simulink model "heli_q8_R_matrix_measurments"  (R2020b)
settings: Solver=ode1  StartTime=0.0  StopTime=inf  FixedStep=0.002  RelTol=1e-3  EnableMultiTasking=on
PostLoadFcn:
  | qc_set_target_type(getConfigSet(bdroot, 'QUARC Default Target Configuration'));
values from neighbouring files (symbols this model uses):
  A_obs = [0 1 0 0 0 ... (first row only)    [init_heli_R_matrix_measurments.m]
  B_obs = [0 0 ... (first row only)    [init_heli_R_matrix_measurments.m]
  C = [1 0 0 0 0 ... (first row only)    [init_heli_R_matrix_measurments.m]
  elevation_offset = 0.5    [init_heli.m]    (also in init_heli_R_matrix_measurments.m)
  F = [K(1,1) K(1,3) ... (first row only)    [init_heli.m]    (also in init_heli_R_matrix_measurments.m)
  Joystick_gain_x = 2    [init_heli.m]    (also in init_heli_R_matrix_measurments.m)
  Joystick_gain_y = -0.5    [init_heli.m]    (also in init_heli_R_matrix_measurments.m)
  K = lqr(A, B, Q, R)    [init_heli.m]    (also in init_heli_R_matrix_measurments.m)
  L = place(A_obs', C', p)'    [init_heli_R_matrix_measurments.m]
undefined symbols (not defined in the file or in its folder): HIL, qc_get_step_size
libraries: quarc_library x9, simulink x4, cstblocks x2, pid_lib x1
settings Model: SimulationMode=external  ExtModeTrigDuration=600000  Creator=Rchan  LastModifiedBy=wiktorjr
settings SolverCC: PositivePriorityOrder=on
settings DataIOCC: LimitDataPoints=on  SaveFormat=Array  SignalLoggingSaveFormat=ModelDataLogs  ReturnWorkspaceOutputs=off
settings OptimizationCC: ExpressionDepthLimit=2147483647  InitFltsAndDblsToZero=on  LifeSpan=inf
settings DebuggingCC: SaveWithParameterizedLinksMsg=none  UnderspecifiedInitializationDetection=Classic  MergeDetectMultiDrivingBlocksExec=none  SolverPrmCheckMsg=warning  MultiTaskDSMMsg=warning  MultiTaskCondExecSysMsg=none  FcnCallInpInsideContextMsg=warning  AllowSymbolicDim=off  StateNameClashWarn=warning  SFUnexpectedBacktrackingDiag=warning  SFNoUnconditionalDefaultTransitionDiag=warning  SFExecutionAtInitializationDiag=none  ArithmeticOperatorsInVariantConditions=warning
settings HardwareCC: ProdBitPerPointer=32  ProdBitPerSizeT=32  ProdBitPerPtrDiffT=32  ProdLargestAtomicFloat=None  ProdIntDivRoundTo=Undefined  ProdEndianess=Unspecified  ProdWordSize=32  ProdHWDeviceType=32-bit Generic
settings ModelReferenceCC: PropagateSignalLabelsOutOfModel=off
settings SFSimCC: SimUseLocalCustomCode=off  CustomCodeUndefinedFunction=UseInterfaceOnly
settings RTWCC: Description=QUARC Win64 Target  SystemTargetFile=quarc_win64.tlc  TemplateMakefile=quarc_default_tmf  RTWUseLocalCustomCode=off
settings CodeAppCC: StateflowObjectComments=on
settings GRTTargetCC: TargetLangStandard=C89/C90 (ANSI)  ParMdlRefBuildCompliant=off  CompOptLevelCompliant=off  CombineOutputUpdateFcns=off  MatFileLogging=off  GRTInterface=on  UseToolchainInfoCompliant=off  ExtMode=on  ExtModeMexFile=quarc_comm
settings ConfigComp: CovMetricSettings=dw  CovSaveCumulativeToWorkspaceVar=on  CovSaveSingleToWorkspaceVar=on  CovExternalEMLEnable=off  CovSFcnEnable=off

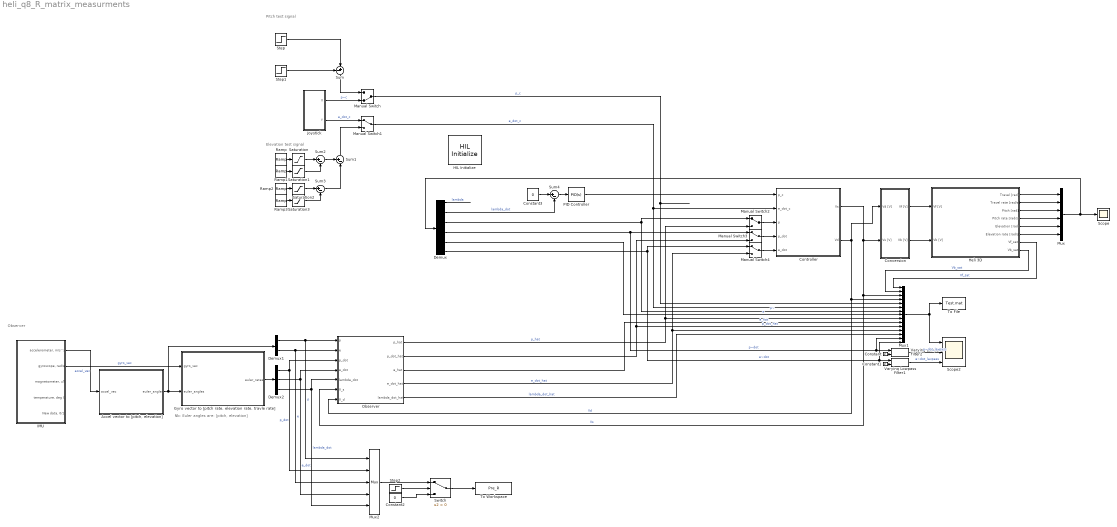
== system heli_q8_R_matrix_measurments ==
  note: Observer
  note: Pitch test signal
  note: Elevation test signal
  note: Nb: Euler angles are: [pitch, elevation]
  "Accel vector to [pitch, elevation]" : MATLAB Function  TreatAsAtomicUnit=on
  Constant : Constant  Value=2
  Constant1 : Constant  Value=2
  Constant2 : Constant  Value=0
  Constant3 : Constant  Value=0
  Controller : Subsystem
  Conversion : Subsystem
  Demux : Demux  Outputs=6
  Demux1 : Demux  Outputs=2
  Demux2 : Demux  Outputs=3
  "Gyro vector to [pitch rate, elevation rate, travle rate]" : MATLAB Function  TreatAsAtomicUnit=on
  HIL Initialize : quarc_library/Data Acquisition/Generic/Configuration/HIL Initialize  Priority=-99  object_name=HIL-1  board_type=q8_usb  board_number=0  board_options=update_rate=normal;decimation=1  exclusive=off  active=off  hardware_clocks=[0:2]  clock_modes=[]  initial_clock_frequencies=[]  set_clock_params_at_start=off  set_clock_params_at_switch_in=off  set_clock_frequencies_at_start=off  set_clock_frequencies_at_switch_in=off  analog_input_channels=[0:7]  analog_input_configurations=[]  analog_input_maximums=10  analog_input_minimums=-10  set_analog_input_params_at_start=on  set_analog_input_params_at_switch_in=off  analog_output_channels=[0:7]  analog_output_maximums=10  analog_output_minimums=-10  initial_analog_outputs=[0]  final_analog_outputs=[0]  watchdog_analog_outputs=0  set_analog_output_params_at_start=on  set_analog_output_params_at_switch_in=off  set_analog_outputs_at_start=on  set_analog_outputs_at_switch_in=off  set_analog_outputs_at_terminate=on  set_analog_outputs_at_switch_out=off  set_analog_outputs_on_watchdog=off  digital_input_channels=[]  digital_output_channels=[]  digital_output_configuration=[]  initial_digital_outputs=[1]  final_digital_outputs=[1]  watchdog_digital_outputs=[1]  set_digital_output_params_at_start=off  set_digital_output_params_at_switch_in=off  set_digital_outputs_at_start=on  set_digital_outputs_at_switch_in=off  set_digital_outputs_at_terminate=on  set_digital_outputs_at_switch_out=off  set_digital_outputs_on_watchdog=off  encoder_channels=[0:7]  quadrature=[4]  encoder_filter_frequency=[]  initial_encoder_counts=[0]  set_encoder_params_at_start=on  set_encoder_params_at_switch_in=off  set_encoder_counts_at_start=on  set_encoder_counts_at_switch_in=off  pwm_channels=[0:7]  pwm_modes=0  pwm_frequency=99.532799999999995e6/4095  pwm_configuration=[0]  pwm_alignment=[0]  pwm_polarity=[1]  pwm_leading_deadband=[0]  pwm_trailing_deadband=[0]  initial_pwm_outputs=[0]  final_pwm_outputs=[0]  watchdog_pwm_outputs=[0]  set_pwm_params_at_start=on  set_pwm_params_at_switch_in=off  set_pwm_outputs_at_start=on  set_pwm_outputs_at_switch_in=off  set_pwm_outputs_at_terminate=on  set_pwm_outputs_at_switch_out=off  set_pwm_outputs_on_watchdog=off  other_output_channels=[]  initial_other_outputs=[]  final_other_outputs=[]  watchdog_other_outputs=[]  set_other_outputs_at_start=off  set_other_outputs_at_switch_in=off  set_other_outputs_at_terminate=off  set_other_outputs_at_switch_out=off  set_other_outputs_on_watchdog=off
  Heli 3D : Subsystem
  IMU : Subsystem
  Joystick : Subsystem
  Manual Switch : ManualSwitch  CurrentSetting=0
  Manual Switch{1..4} (4 alike) : ManualSwitch
  Mux : Mux  Inputs=6
  Mux1 : Mux  Inputs=15
  Mux2 : Mux  Inputs=5
  Observer : Subsystem
  PID Controller : pid_lib/PID Controller  Controller=PID  Form=Parallel  TimeDomain=Continuous-time  UseExternalTs=off  SampleTime=-1  IntegratorMethod=Forward Euler  FilterMethod=Forward Euler  ControllerParametersSource=internal  P=1  I=0.2  D=0  UseFilter=on  N=100  TunerSelectOption=Transfer Function Based (PID Tuner App)  InitialConditionSource=internal  InitialConditionForIntegrator=0  InitialConditionForFilter=0  DifferentiatorICPrevScaledInput=0  ExternalReset=none  TrackingMode=off  Kt=1  LimitOutput=off  SatLimitsSource=internal  UpperSaturationLimit=inf  LowerSaturationLimit=-inf  LinearizeAsGain=on  AntiWindupMode=none  Kb=1  POutMin=[]  POutMax=[]  IOutMin=[]  IOutMax=[]  DOutMin=[]  DOutMax=[]  NOutMin=[]  NOutMax=[]  SumOutMin=[]  SumOutMax=[]  SaturationOutMin=[]  SaturationOutMax=[]  PParamMin=[]  PParamMax=[]  IParamMin=[]  IParamMax=[]  DParamMin=[]  DParamMax=[]  NParamMin=[]  NParamMax=[]  KbParamMin=[]  KbParamMax=[]  KtParamMin=[]  KtParamMax=[]  KbOutMin=[]  KbOutMax=[]  KtOutMin=[]  KtOutMax=[]  IntegratorOutMin=[]  IntegratorOutMax=[]  FilterOutMin=[]  FilterOutMax=[]  SumI1OutMin=[]  SumI1OutMax=[]  SumI2OutMin=[]  SumI2OutMax=[]  SumI3OutMin=[]  SumI3OutMax=[]  SumI4OutMin=[]  SumI4OutMax=[]  SumDOutMin=[]  SumDOutMax=[]  DifferentiatorOutMin=[]  DifferentiatorOutMax=[]  FilterDiffOutCoefMin=[]  FilterDiffOutCoefMax=[]  ReciprocalOutMin=[]  ReciprocalOutMax=[]  SumDenOutMin=[]  SumDenOutMax=[]  SumNumOutMin=[]  SumNumOutMax=[]  DivideOutMin=[]  DivideOutMax=[]  UdiffTsProdOutMin=[]  UdiffTsProdOutMax=[]  NTsProdOutMin=[]  NTsProdOutMax=[]  UintegralTsProdOutMin=[]  UintegralTsProdOutMax=[]  UngainTsProdOutMin=[]  UngainTsProdOutMax=[]  IntegratorContinuousStateAttributes=''  IntegratorStateMustResolveToSignalObject=off  IntegratorRTWStateStorageClass=Auto  FilterContinuousStateAttributes=''  FilterStateMustResolveToSignalObject=off  FilterRTWStateStorageClass=Auto  ParallelPVariant=InternalParameters  IdealPVariant=Disabled  IVariant=InternalParameters  DVariant=InternalParameters  IntegratorVariant=Continuous  SatVariant=Disabled  AWVariant=Passthrough  PCopyVariant=Disabled  TRVariant=Disabled  FdbkBlocksVariant=Forward  IdealPFdbkVariant=Disabled  SatFdbkVariant=Disabled  DerivativeFilterVariant=ContFilter  NVariant=InternalParameters  NCopyVariant=Disabled  FilterICVariant=InternalICsFilter  IntegratorICVariant=InternalICs  ExternalResetVariant=Disabled  TRSumVariant=Passthrough  SumFdbkVariant=Disabled  SumVariant=Sum_PID  TsampFilterVariant=InternalTs  TsampNgainVariant=Passthrough  TsampIntegralVariant=Passthrough  ExternalSaturationOutDataTypeStr=Inherit: Same as second input
  Ramp : simulink/Sources/Ramp  slope=0.03  start=0  InitialOutput=0
  Ramp1 : simulink/Sources/Ramp  slope=0.03  start=4.85  InitialOutput=0
  Ramp2 : simulink/Sources/Ramp  slope=0.03  start=65  InitialOutput=0
  Ramp3 : simulink/Sources/Ramp  slope=0.03  start=70  InitialOutput=0
  Saturation : Saturate  UpperLimit=0.15  LowerLimit=0
  Saturation1 : Saturate  UpperLimit=0.15  LowerLimit=0
  Saturation2 : Saturate  UpperLimit=0.15  LowerLimit=0
  Saturation3 : Saturate  UpperLimit=0.13  LowerLimit=0
  Scope : Scope
  Scope2 : Scope  NumInputPorts=3
  Step : Step  Time=10  After=pi/8  SampleTime=0
  Step1 : Step  Time=40  After=pi/8  SampleTime=0
  Step2 : Step  Time=11  SampleTime=0
  Sum : Sum  Inputs=-+|
  Sum1 : Sum  Inputs=+-|
  Sum2 : Sum  Inputs=|+-
  Sum3 : Sum  Inputs=|+-
  Sum4 : Sum  Inputs=|+-
  Switch : Switch  Criteria=u2 > Threshold
  To File : ToFile  Filename=Test.mat
  To Workspace : ToWorkspace  VariableName=Pre_R  SampleTime=-1
  Varying Lowpass Filter1 : cstblocks/Linear Parameter Varying/Varying Lowpass Filter  N=1
  Varying Lowpass Filter2 : cstblocks/Linear Parameter Varying/Varying Lowpass Filter  N=1
  wires:
  Conversion/2(Vb [V]) -> Heli 3D/2(Vb [V])
  Conversion/1(Vf [V]) -> Heli 3D/1(Vf [V])
  Heli 3D/1(Travel [rad]) -> Mux/1
  Heli 3D/2(Travel rate [rad/s]) -> Mux/2
  Heli 3D/3(Pitch [rad]) -> Mux/3
  Heli 3D/4(Pitch rate [rad/s]) -> Mux/4
  Heli 3D/5(Elevation [rad]) -> Mux/5
  Heli 3D/6(Elevation rate [rad/s]) -> Mux/6
  Mux/1 -> Demux/1, Scope/1
  Mux1/1 -> To File/1, Scope2/1
  Controller/2(Vd) -> Conversion/1(Vd [V]), Observer/7(V_d), Mux1/4  "Vd"
  Demux/3 -> Mux1/7, Manual Switch2/1  "p~"
  Demux/4 -> Mux1/14, Varying Lowpass Filter2/1, Manual Switch3/1  "p~dot"
  Demux/6 -> Mux1/15, Varying Lowpass Filter1/1, Manual Switch4/1  "e~dot"
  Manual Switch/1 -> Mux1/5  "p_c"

● **What you should do**:
Across the material, how many lines contain the word "cstblocks"? Only the number is wanted.

● **Response box**:
3